Records from a data collection:

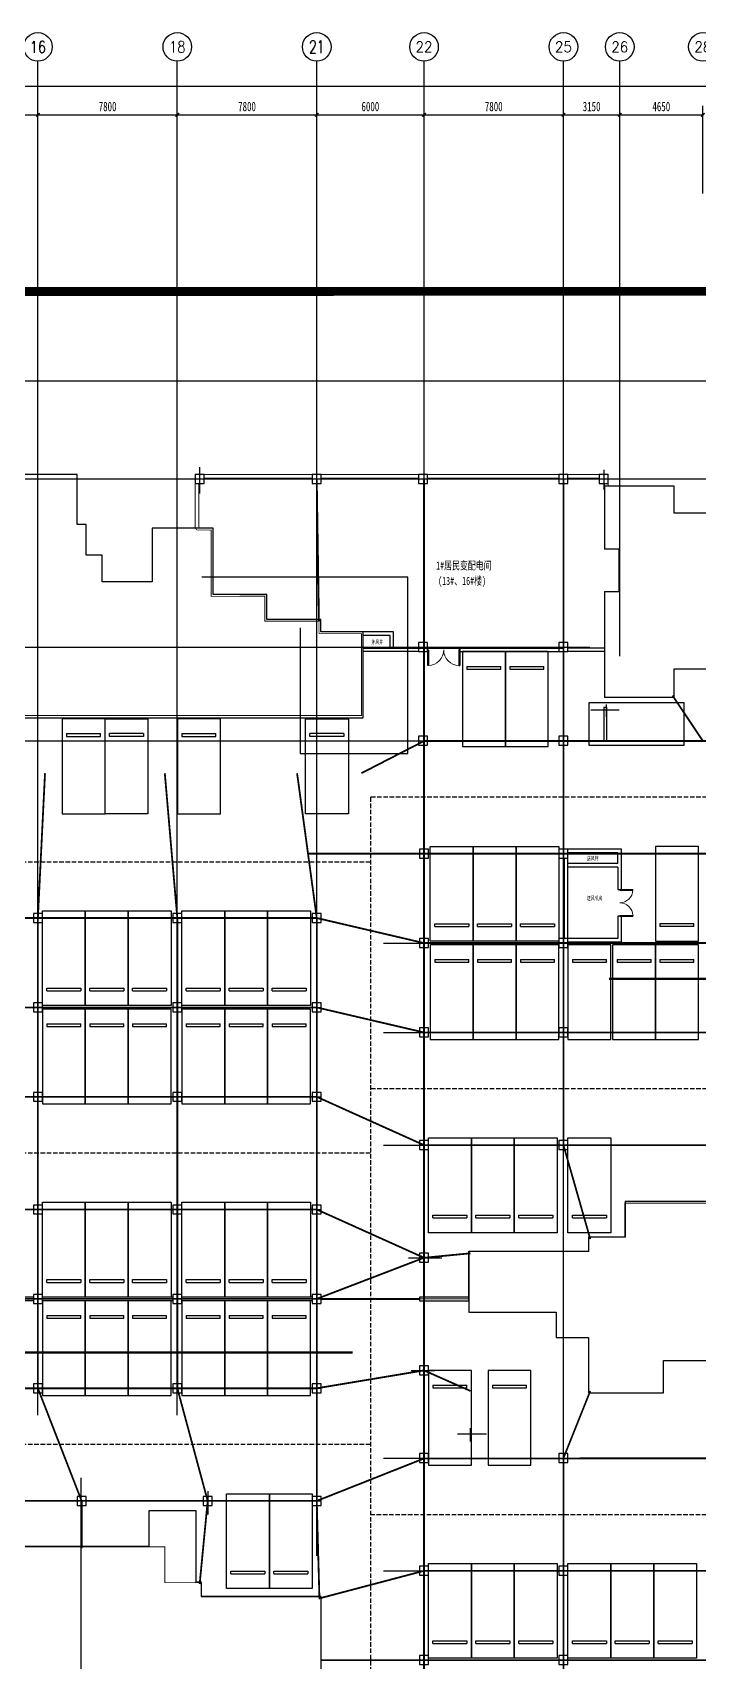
# Model space of a CAD drawing. Extents: x 64025 to 333417, y 2935 to 166261.
# Drawn here: x 131804 to 169050, y 75167 to 166261 of the extents above; entities that cross this region are included whole.
import ezdxf
from ezdxf.enums import TextEntityAlignment as Align

# ---------------------------------------------------------------- set-up
doc = ezdxf.new("R2010")
doc.units = 0
doc.header["$LTSCALE"] = 1000
doc.header["$MEASUREMENT"] = 0
for name, pattern in [('__DASH', [0.35, 0.25, -0.1]), ('DASH', [0.35, 0.25, -0.1]), ('DOTE', [2.42, 2, -0.2, 0.02, -0.2])]:
    doc.linetypes.add(name, pattern=pattern)
for name, color, linetype in [('AXIS', 3, 'Continuous'), ('AXIS_TEXT', 7, 'Continuous'), ('COLUMN', 9, 'Continuous'), ('DOTE', 1, 'Continuous'), ('NT-PY', 1, 'Continuous'), ('NT-加压送风', 6, 'Continuous'), ('PUB_TEXT', 7, 'Continuous'), ('WALL', 9, 'Continuous'), ('WINDOW', 4, 'Continuous'), ('住宅楼', 30, 'Continuous'), ('普通机动车位', 143, 'Continuous'), ('梁布置', 2, 'Continuous'), ('车行线', 2, 'Continuous'), ('道路红线', 7, 'Continuous'), ('防火分区', 4, 'Continuous'), ('防火卷帘', 6, 'Continuous')]:
    doc.layers.add(name, color=color, linetype=linetype)
doc.layers.add('挡土墙', color=2, linetype='Continuous', lineweight=9)
doc.styles.add('_TCH_AXIS', font='COMPLEX', dxfattribs={"bigfont": 'GBCBIG'})
doc.styles.add('COMPLEX', font='COMPLEX')
doc.styles.add('黑体', font='simhei.ttf', dxfattribs={"width": 0.7})
doc.styles.add('黑体_T3', font='simhei.ttf', dxfattribs={"width": 0.7})
doc.dimstyles.new('_TCH_ARCH&&200', dxfattribs={"dimtxt": 522.78481, "dimasz": 200, "dimexe": 500, "dimexo": 600, "dimgap": 200, "dimtad": 1, "dimdec": 0, "dimzin": 0, "dimdsep": 46, "dimtxsty": '黑体_T3', "dimblk": 'ARCHTICK', "dimcen": 0.09, "dimclrt": 7, "dimazin": 2, "dimtfac": 1, "dimtdec": 0, "dimtix": 1, "dimtmove": 2, "dimatfit": 3, "dimfxl": 0, "dimtolj": 1, "dimtzin": 0, "dimarcsym": 0})

# ---------------------------------------------------------------- blocks, each defined once
blk = doc.blocks.new('ptcw')
at = {"layer": '普通机动车位', "color": 251, "ltscale": 10}
for p, q in [((344174, 107795), (344174, 107645)), ((344174, 107795), (346074, 107795)), ((344174, 107645), (346074, 107645)), ((346074, 107645), (346074, 107795))]:
    blk.add_line(p, q, dxfattribs=at)
blk.add_lwpolyline([(346324, 108620), (343924, 108620), (343924, 103320), (346324, 103320)], close=True, dxfattribs=at)
blk = doc.blocks.new('766667')
at = {"layer": '车行线', "linetype": '__DASH'}
for p, q in [((1732017, -666961), (1732017, -755143)), ((1805796, -666961), (1732017, -666961)), ((1732017, -670593), (1666641, -670593)), ((1805796, -683261), (1732017, -683261)), ((1732017, -686861), (1669267, -686861)), ((1732017, -703161), (1671667, -703161)), ((1732017, -707061), (1805796, -707061))]:
    blk.add_line(p, q, dxfattribs=at)
blk = doc.blocks.new('5#住宅楼')
at = {"layer": 'DOTE'}
for p, q in [((0, -2161), (0, 1826)), ((-3000, 0), (7678, 0))]:
    blk.add_line(p, q, dxfattribs=at)
at = {"layer": '住宅楼'}
blk.add_lwpolyline([(43650, 10601), (35250, 10600), (35250, 8600), (33200, 8600), (33200, 7800), (20000, 7800), (20000, 8600), (17950, 8600), (17950, 10600), (8650, 10600), (8650, 8600), (6600, 8600), (6600, 7800), (-1000, 7800), (-1000, 1599), (-100, 1599), (-100, -100), (6800, -100), (6800, -100), (9900, -100), (9900, -100), (16700, -100), (16700, -100), (19800, -100), (19800, -100), (26700, -100), (26700, 3000), (31400, 3000), (31400, -100), (33400, -100), (33400, -100), (36700, -100), (36700, 1000), (46300, 1000), (46300, 3000), (53300, 3000), (53300, 7800), (46600, 7800), (46600, 8600), (46300, 8600), (46300, 12600), (43650, 12600)], close=True, dxfattribs=at)
blk = doc.blocks.new('12#住宅楼')
at = {"layer": 'DOTE'}
for p, q in [((-720, 0), (890, 0)), ((0, -427), (0, 329))]:
    blk.add_line(p, q, dxfattribs=at)
at = {"layer": '住宅楼'}
blk.add_lwpolyline([(15950, 3700), (19800, 3700), (19800, 2300), (23200, 2300), (23200, 3700), (26700, 3700), (26700, 10200), (20000, 10200), (20000, 11000), (17950, 11000), (17950, 13001), (16600, 13001), (16600, 13000), (8650, 13000), (8650, 11000), (6600, 11000), (6600, 10200), (-100, 10200), (-100, 8850), (-100, 8850), (-100, 6800), (4800, 6800), (4800, 5400), (6600, 5400), (6600, 2300), (10800, 2300), (10800, 4100), (15950, 4100)], close=True, dxfattribs=at)
blk = doc.blocks.new('13#住宅楼')
at = {"layer": 'DOTE'}
for p, q in [((1265, 0), (-1018, 0)), ((0, -486), (0, 561))]:
    blk.add_line(p, q, dxfattribs=at)
at = {"layer": '住宅楼'}
blk.add_lwpolyline([(-100, 3100), (39400, 3100), (39400, 800), (41500, 800), (41500, 3100), (65100, 3100), (65100, 7900), (62724, 7900), (62724, 8600), (59700, 8600), (59700, 10000), (56700, 10000), (56700, 13700), (53300, 13700), (53300, 10700), (50500, 10700), (50500, 12200), (49600, 12200), (49600, 13900), (49100, 13900), (49100, 16700), (41600, 16700), (41600, 13900), (40597, 13900), (40600, 10000), (35750, 10000), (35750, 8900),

WHAT IS BEING ASKED | Reproduce every line from the preceding data in which the word "ezdxf" can be found.

EXPECTED ANSWER |
import ezdxf
from ezdxf.enums import TextEntityAlignment as Align
doc = ezdxf.new("R2010")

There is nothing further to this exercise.